POJ 1330 Nearest Common Ancestors（LCA 在线算法）

Description
A rooted tree is a well-known data structure in computer science and engineering. An example is shown below:



In the figure, each node is labeled with an integer from {1, 2,...,16}. Node 8 is the root of the tree. Node x is an ancestor of node y if node x is in the path between the root and node y. For example, node 4 is an ancestor of node 16. Node 10 is also an ancestor
of node 16. As a matter of fact, nodes 8, 4, 10, and 16 are the ancestors of node 16. Remember that a node is an ancestor of itself. Nodes 8, 4, 6, and 7 are the ancestors of node 7. A node x is called a common ancestor of two different nodes y and z if node
x is an ancestor of node y and an ancestor of node z. Thus, nodes 8 and 4 are the common ancestors of nodes 16 and 7. A node x is called the nearest common ancestor of nodes y and z if x is a common ancestor of y and z and nearest to y and z among their common
ancestors. Hence, the nearest common ancestor of nodes 16 and 7 is node 4. Node 4 is nearer to nodes 16 and 7 than node 8 is.

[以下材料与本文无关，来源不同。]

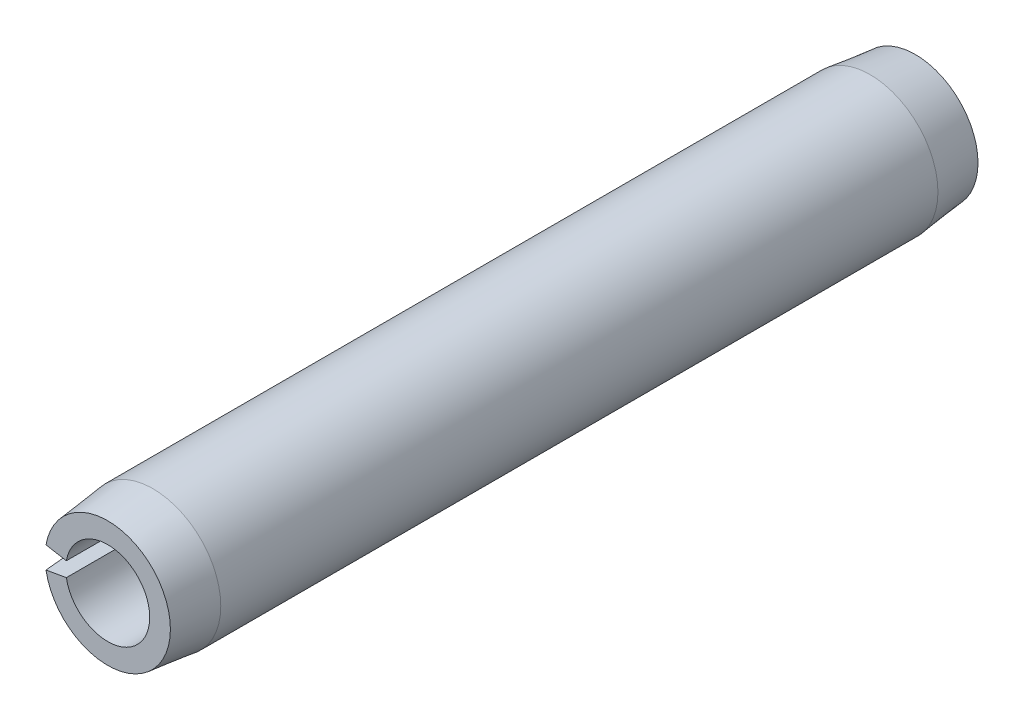
ISO-10303-21;
HEADER;
FILE_DESCRIPTION(('STEP AP214'),'2;1');
FILE_NAME('part.step','',(''),(''),'','','');
FILE_SCHEMA(('AUTOMOTIVE_DESIGN { 1 0 10303 214 1 1 1 1 }'));
ENDSEC;
DATA;
#1=APPLICATION_CONTEXT('core data for automotive mechanical design processes');
#2=APPLICATION_PROTOCOL_DEFINITION('international standard','automotive_design',2000,#1);
#3=PRODUCT_CONTEXT('',#1,'mechanical');
#4=PRODUCT('Part','Part','',(#3));
#5=PRODUCT_RELATED_PRODUCT_CATEGORY('part','',(#4));
#6=PRODUCT_DEFINITION_FORMATION('','',#4);
#7=PRODUCT_DEFINITION_CONTEXT('part definition',#1,'design');
#8=PRODUCT_DEFINITION('design','',#6,#7);
#9=PRODUCT_DEFINITION_SHAPE('','',#8);
#10=(LENGTH_UNIT() NAMED_UNIT(*) SI_UNIT(.MILLI.,.METRE.));
#11=(NAMED_UNIT(*) PLANE_ANGLE_UNIT() SI_UNIT($,.RADIAN.));
#12=(NAMED_UNIT(*) SI_UNIT($,.STERADIAN.) SOLID_ANGLE_UNIT());
#13=UNCERTAINTY_MEASURE_WITH_UNIT(LENGTH_MEASURE(1.E-05),#10,'distance_accuracy_value','');
#14=(GEOMETRIC_REPRESENTATION_CONTEXT(3) GLOBAL_UNCERTAINTY_ASSIGNED_CONTEXT((#13)) GLOBAL_UNIT_ASSIGNED_CONTEXT((#10,
#11,#12)) REPRESENTATION_CONTEXT('',''));
#15=CARTESIAN_POINT('',(0.,0.,0.));
#16=DIRECTION('',(0.,0.,1.));
#17=DIRECTION('',(1.,0.,0.));
#18=AXIS2_PLACEMENT_3D('',#15,#16,#17);
#19=CARTESIAN_POINT('',(0.,0.,4.7625));
#20=DIRECTION('',(0.,0.,1.));
#21=DIRECTION('',(1.,0.,0.));
#22=AXIS2_PLACEMENT_3D('',#19,#20,#21);
#23=PLANE('',#22);
#24=CARTESIAN_POINT('',(0.,0.,4.7625));
#25=DIRECTION('',(0.,0.,-1.));
#26=DIRECTION('',(-1.,0.,0.));
#27=AXIS2_PLACEMENT_3D('',#24,#25,#26);
#28=CIRCLE('',#27,0.739140000000003);
#29=CARTESIAN_POINT('',(-0.727910802561447,0.128350314040733,4.7625));
#30=VERTEX_POINT('',#29);
#31=CARTESIAN_POINT('',(-0.727910802561448,-0.128350314040733,4.7625));
#32=VERTEX_POINT('',#31);
#33=EDGE_CURVE('E121',#30,#32,#28,.T.);
#34=ORIENTED_EDGE('',*,*,#33,.F.);
#35=DIRECTION('',(0.984807753012209,-0.173648177666927,0.));
#36=VECTOR('',#35,1.);
#37=CARTESIAN_POINT('',(-0.787944683185068,0.138935906951308,4.7625));
#38=LINE('',#37,#36);
#39=CARTESIAN_POINT('',(-0.487775280066947,0.0860079423984288,4.7625));
#40=VERTEX_POINT('',#39);
#41=EDGE_CURVE('E142',#30,#40,#38,.T.);
#42=ORIENTED_EDGE('',*,*,#41,.T.);
#43=CARTESIAN_POINT('',(0.,0.,4.7625));
#44=DIRECTION('',(0.,0.,-1.));
#45=DIRECTION('',(1.,0.,0.));
#46=AXIS2_PLACEMENT_3D('',#43,#44,#45);
#47=CIRCLE('',#46,0.4953);
#48=CARTESIAN_POINT('',(-0.487775280066947,-0.0860079423984287,4.7625));
#49=VERTEX_POINT('',#48);
#50=EDGE_CURVE('E141',#40,#49,#47,.T.);
#51=ORIENTED_EDGE('',*,*,#50,.T.);
#52=DIRECTION('',(-0.984807753012209,-0.173648177666928,0.));
#53=VECTOR('',#52,1.);
#54=CARTESIAN_POINT('',(-0.487775280066947,-0.0860079423984287,4.7625));
#55=LINE('',#54,#53);
#56=EDGE_CURVE('E135',#49,#32,#55,.T.);
#57=ORIENTED_EDGE('',*,*,#56,.T.);
#58=EDGE_LOOP('',(#34,#42,#51,#57));
#59=FACE_BOUND('',#58,.T.);
#60=ADVANCED_FACE('F69',(#59),#23,.T.);
#61=CARTESIAN_POINT('',(0.,0.,-4.7625));
#62=DIRECTION('',(0.,0.,1.));
#63=DIRECTION('',(1.,0.,0.));
#64=AXIS2_PLACEMENT_3D('',#61,#62,#63);
#65=CYLINDRICAL_SURFACE('',#64,0.4953);
#66=DIRECTION('',(0.,0.,1.));
#67=VECTOR('',#66,1.);
#68=CARTESIAN_POINT('',(-0.487775280066947,-0.0860079423984287,-4.7625));
#69=LINE('',#68,#67);
#70=CARTESIAN_POINT('',(-0.487775280066947,-0.0860079423984287,-4.7625));
#71=VERTEX_POINT('',#70);
#72=EDGE_CURVE('E73',#71,#49,#69,.T.);
#73=ORIENTED_EDGE('',*,*,#72,.T.);
#74=ORIENTED_EDGE('',*,*,#50,.F.);
#75=DIRECTION('',(0.,0.,1.));
#76=VECTOR('',#75,1.);
#77=CARTESIAN_POINT('',(-0.487775280066947,0.0860079423984288,-4.7625));
#78=LINE('',#77,#76);
#79=CARTESIAN_POINT('',(-0.487775280066947,0.0860079423984288,-4.7625));
#80=VERTEX_POINT('',#79);
#81=EDGE_CURVE('E12',#80,#40,#78,.T.);
#82=ORIENTED_EDGE('',*,*,#81,.F.);
#83=CARTESIAN_POINT('',(0.,0.,-4.7625));
#84=DIRECTION('',(0.,0.,-1.));
#85=DIRECTION('',(1.,0.,0.));
#86=AXIS2_PLACEMENT_3D('',#83,#84,#85);
#87=CIRCLE('',#86,0.4953);
#88=EDGE_CURVE('E144',#80,#71,#87,.T.);
#89=ORIENTED_EDGE('',*,*,#88,.T.);
#90=EDGE_LOOP('',(#73,#74,#82,#89));
#91=FACE_BOUND('',#90,.T.);
#92=ADVANCED_FACE('F71',(#91),#65,.F.);
#93=CARTESIAN_POINT('',(-0.787944683185068,0.138935906951308,-4.7625));
#94=DIRECTION('',(-0.173648177666927,-0.984807753012209,0.));
#95=DIRECTION('',(0.984807753012209,-0.173648177666927,0.));
#96=AXIS2_PLACEMENT_3D('',#93,#94,#95);
#97=PLANE('',#96);
#98=DIRECTION('',(-0.111821563303197,0.0197171586353527,-0.993532672656404));
#99=VECTOR('',#98,1.);
#100=CARTESIAN_POINT('',(0.,0.,11.229975));
#101=LINE('',#100,#99);
#102=CARTESIAN_POINT('',(-0.787944683185071,0.138935906951309,4.2291));
#103=VERTEX_POINT('',#102);
#104=EDGE_CURVE('E86',#103,#30,#101,.F.);
#105=ORIENTED_EDGE('',*,*,#104,.F.);
#106=DIRECTION('',(0.,0.,1.));
#107=VECTOR('',#106,1.);
#108=CARTESIAN_POINT('',(-0.787944683185068,0.138935906951308,-4.7625));
#109=LINE('',#108,#107);
#110=CARTESIAN_POINT('',(-0.787944683185071,0.138935906951309,-4.2291));
#111=VERTEX_POINT('',#110);
#112=EDGE_CURVE('E78',#111,#103,#109,.T.);
#113=ORIENTED_EDGE('',*,*,#112,.F.);
#114=DIRECTION('',(0.111821563303197,-0.0197171586353527,-0.993532672656404));
#115=VECTOR('',#114,1.);
#116=CARTESIAN_POINT('',(0.,0.,-11.229975));
#117=LINE('',#116,#115);
#118=CARTESIAN_POINT('',(-0.727910802561447,0.128350314040733,-4.7625));
#119=VERTEX_POINT('',#118);
#120=EDGE_CURVE('E146',#119,#111,#117,.F.);
#121=ORIENTED_EDGE('',*,*,#120,.F.);
#122=DIRECTION('',(0.984807753012209,-0.173648177666927,0.));
#123=VECTOR('',#122,1.);
#124=CARTESIAN_POINT('',(-0.787944683185068,0.138935906951308,-4.7625));
#125=LINE('',#124,#123);
#126=EDGE_CURVE('E155',#119,#80,#125,.T.);
#127=ORIENTED_EDGE('',*,*,#126,.T.);
#128=ORIENTED_EDGE('',*,*,#81,.T.);
#129=ORIENTED_EDGE('',*,*,#41,.F.);
#130=EDGE_LOOP('',(#105,#113,#121,#127,#128,#129));
#131=FACE_BOUND('',#130,.T.);
#132=ADVANCED_FACE('F178',(#131),#97,.T.);
#133=CARTESIAN_POINT('',(0.,0.,-4.7625));
#134=DIRECTION('',(0.,0.,1.));
#135=DIRECTION('',(1.,0.,0.));
#136=AXIS2_PLACEMENT_3D('',#133,#134,#135);
#137=CYLINDRICAL_SURFACE('',#136,0.8001);
#138=CARTESIAN_POINT('',(0.,0.,4.2291));
#139=DIRECTION('',(0.,0.,-1.));
#140=DIRECTION('',(-1.,0.,0.));
#141=AXIS2_PLACEMENT_3D('',#138,#139,#140);
#142=CIRCLE('',#141,0.800100000000004);
#143=CARTESIAN_POINT('',(-0.787944683185072,-0.138935906951309,4.2291));
#144=VERTEX_POINT('',#143);
#145=EDGE_CURVE('E129',#103,#144,#142,.T.);
#146=ORIENTED_EDGE('',*,*,#145,.T.);
#147=DIRECTION('',(0.,0.,1.));
#148=VECTOR('',#147,1.);
#149=CARTESIAN_POINT('',(-0.787944683185068,-0.138935906951308,-4.7625));
#150=LINE('',#149,#148);
#151=CARTESIAN_POINT('',(-0.787944683185072,-0.138935906951309,-4.2291));
#152=VERTEX_POINT('',#151);
#153=EDGE_CURVE('E138',#152,#144,#150,.T.);
#154=ORIENTED_EDGE('',*,*,#153,.F.);
#155=CARTESIAN_POINT('',(0.,0.,-4.2291));
#156=DIRECTION('',(0.,0.,-1.));
#157=DIRECTION('',(-1.,0.,0.));
#158=AXIS2_PLACEMENT_3D('',#155,#156,#157);
#159=CIRCLE('',#158,0.800100000000004);
#160=EDGE_CURVE('E167',#111,#152,#159,.T.);
#161=ORIENTED_EDGE('',*,*,#160,.F.);
#162=ORIENTED_EDGE('',*,*,#112,.T.);
#163=EDGE_LOOP('',(#146,#154,#161,#162));
#164=FACE_BOUND('',#163,.T.);
#165=ADVANCED_FACE('F177',(#164),#137,.T.);
#166=CARTESIAN_POINT('',(-0.487775280066947,-0.0860079423984287,-4.7625));
#167=DIRECTION('',(-0.173648177666928,0.984807753012208,0.));
#168=DIRECTION('',(-0.984807753012209,-0.173648177666928,0.));
#169=AXIS2_PLACEMENT_3D('',#166,#167,#168);
#170=PLANE('',#169);
#171=DIRECTION('',(0.111821563303197,0.0197171586353528,0.993532672656404));
#172=VECTOR('',#171,1.);
#173=CARTESIAN_POINT('',(0.,0.,11.229975));
#174=LINE('',#173,#172);
#175=EDGE_CURVE('E124',#32,#144,#174,.F.);
#176=ORIENTED_EDGE('',*,*,#175,.F.);
#177=ORIENTED_EDGE('',*,*,#56,.F.);
#178=ORIENTED_EDGE('',*,*,#72,.F.);
#179=DIRECTION('',(-0.984807753012209,-0.173648177666928,0.));
#180=VECTOR('',#179,1.);
#181=CARTESIAN_POINT('',(-0.487775280066947,-0.0860079423984287,-4.7625));
#182=LINE('',#181,#180);
#183=CARTESIAN_POINT('',(-0.727910802561448,-0.128350314040733,-4.7625));
#184=VERTEX_POINT('',#183);
#185=EDGE_CURVE('E152',#71,#184,#182,.T.);
#186=ORIENTED_EDGE('',*,*,#185,.T.);
#187=DIRECTION('',(-0.111821563303197,-0.0197171586353528,0.993532672656404));
#188=VECTOR('',#187,1.);
#189=CARTESIAN_POINT('',(0.,0.,-11.229975));
#190=LINE('',#189,#188);
#191=EDGE_CURVE('E94',#152,#184,#190,.F.);
#192=ORIENTED_EDGE('',*,*,#191,.F.);
#193=ORIENTED_EDGE('',*,*,#153,.T.);
#194=EDGE_LOOP('',(#176,#177,#178,#186,#192,#193));
#195=FACE_BOUND('',#194,.T.);
#196=ADVANCED_FACE('F134',(#195),#170,.T.);
#197=CARTESIAN_POINT('',(0.,0.,-4.7625));
#198=DIRECTION('',(0.,0.,1.));
#199=DIRECTION('',(1.,0.,0.));
#200=AXIS2_PLACEMENT_3D('',#197,#198,#199);
#201=PLANE('',#200);
#202=ORIENTED_EDGE('',*,*,#126,.F.);
#203=CARTESIAN_POINT('',(0.,0.,-4.7625));
#204=DIRECTION('',(0.,0.,-1.));
#205=DIRECTION('',(-1.,0.,0.));
#206=AXIS2_PLACEMENT_3D('',#203,#204,#205);
#207=CIRCLE('',#206,0.739140000000003);
#208=EDGE_CURVE('E165',#119,#184,#207,.T.);
#209=ORIENTED_EDGE('',*,*,#208,.T.);
#210=ORIENTED_EDGE('',*,*,#185,.F.);
#211=ORIENTED_EDGE('',*,*,#88,.F.);
#212=EDGE_LOOP('',(#202,#209,#210,#211));
#213=FACE_BOUND('',#212,.T.);
#214=ADVANCED_FACE('F164',(#213),#201,.F.);
#215=CARTESIAN_POINT('',(0.,0.,-4.2291));
#216=DIRECTION('',(0.,0.,1.));
#217=DIRECTION('',(1.,0.,0.));
#218=AXIS2_PLACEMENT_3D('',#215,#216,#217);
#219=CONICAL_SURFACE('',#218,0.800100000000004,0.113792007143708);
#220=ORIENTED_EDGE('',*,*,#120,.T.);
#221=ORIENTED_EDGE('',*,*,#160,.T.);
#222=ORIENTED_EDGE('',*,*,#191,.T.);
#223=ORIENTED_EDGE('',*,*,#208,.F.);
#224=EDGE_LOOP('',(#220,#221,#222,#223));
#225=FACE_BOUND('',#224,.T.);
#226=ADVANCED_FACE('F173',(#225),#219,.T.);
#227=CARTESIAN_POINT('',(0.,0.,4.2291));
#228=DIRECTION('',(0.,0.,-1.));
#229=DIRECTION('',(1.,0.,0.));
#230=AXIS2_PLACEMENT_3D('',#227,#228,#229);
#231=CONICAL_SURFACE('',#230,0.800100000000004,0.113792007143708);
#232=ORIENTED_EDGE('',*,*,#104,.T.);
#233=ORIENTED_EDGE('',*,*,#33,.T.);
#234=ORIENTED_EDGE('',*,*,#175,.T.);
#235=ORIENTED_EDGE('',*,*,#145,.F.);
#236=EDGE_LOOP('',(#232,#233,#234,#235));
#237=FACE_BOUND('',#236,.T.);
#238=ADVANCED_FACE('F123',(#237),#231,.T.);
#239=CLOSED_SHELL('',(#60,#92,#132,#165,#196,#214,#226,#238));
#240=MANIFOLD_SOLID_BREP('B2',#239);
#241=ADVANCED_BREP_SHAPE_REPRESENTATION('',(#18,#240),#14);
#242=SHAPE_DEFINITION_REPRESENTATION(#9,#241);
ENDSEC;
END-ISO-10303-21;

For other examples, the nearest common ancestor of nodes 2 and 3 is node 10, the nearest common ancestor of nodes 6 and 13 is node 8, and the nearest common ancestor of nodes 4 and 12 is node 4. In the last example, if y is an ancestor of z, then the nearest
common ancestor of y and z is y.

Write a program that finds the nearest common ancestor of two distinct nodes in a tree.

Input
The input consists of T test cases. The number of test cases (T) is given in the first line of the input file. Each test case starts with a line containing an integer N , the number of nodes in a tree,
2<=N<=10,000. The nodes are labeled with integers 1, 2,..., N. Each of the next N -1 lines contains a pair of integers that represent an edge --the first integer is the parent node of the second integer. Note that a tree with N nodes has exactly N - 1 edges.
The last line of each test case contains two distinct integers whose nearest common ancestor is to be computed.
Output
Print exactly one line for each test case. The line should contain the integer that is the nearest common ancestor.
Sample Input

2
16
1 14
8 5
10 16
5 9
4 6
8 4
4 10
1 13
6 15
10 11
6 7
10 2
16 3
8 1
16 12
16 7
5
2 3
3 4
3 1
1 5
3 5

Sample Output

4
3

题目大意：找最近公共祖先。
这里使用在线算法，用到了ST表。先对树进行一次 DFS 记录每个点的深度和 DFS 序（DFS 序要记录深搜的路径，有的点可能出现多次）以及每个点第一次在 DFS 序中出现的位置。任意两点的最近公共祖先即为这两个点在 DFS 序中第一次出现的位置之间深度最小的点，这里可以用 ST 表快速查询区间最值。
代码：

#include<cstdio>
#include<cstring>
#include<vector>
#include<algorithm>
using namespace std;
const int maxn = 1e4 + 5;
int n;
vector<int> v[maxn];
int in[maxn];
int pos[maxn],dfs[maxn << 1],depth[maxn];
int st[maxn << 1][20];
int dfs_size;
void Init()
{
dfs_size = 0;
for(int i = 1;i <= n; ++i)
{
in[i] = 0;
v[i].clear();
}
}
int DFS(int x,int d)
{
depth[x] = d;
dfs[dfs_size] = x;
pos[x] = dfs_size++;
int len = v[x].size();
for(int i = 0;i < len; ++i)
{
int u = v[x][i];
DFS(u,d + 1);
dfs[dfs_size++] = x;
}
}
void ST()
{
int len = dfs_size;
for(int i = 0;i < len; ++i) st[i][0] = dfs[i];
for(int j = 1;(1 << j) <= len; ++j)
{
for(int i = 0;i + (1 << j) - 1 < len; ++i)
{
int l = st[i][j - 1],r = st[i + (1 << (j - 1))][j - 1];
st[i][j] = depth[l] < depth[r] ? l : r;
}
}
}
int LCA(int x,int y)
{
x = pos[x],y = pos[y];
if(x > y) swap(x,y);
int k = 0;
while((1 << (k + 1)) <= y - x + 1) ++k;
int a = st[x][k],b = st[y - (1 << k) + 1][k];
return depth[a] < depth[b] ? a : b;
}
int main()
{
int t,root;
scanf("%d",&t);
while(t--)
{
Init();
scanf("%d",&n);
int x,y;
for(int i = 1;i < n; ++i)
{
scanf("%d %d",&x,&y);
v[x].push_back(y);
in[y]++;
}
for(int i = 1;i <= n; ++i)
{
if(!in[i])
{
root = i;
break;
}
}
DFS(root,1);
ST();
int a,b;
scanf("%d %d",&a,&b);
printf("%d\n",LCA(a,b));
}
return 0;
}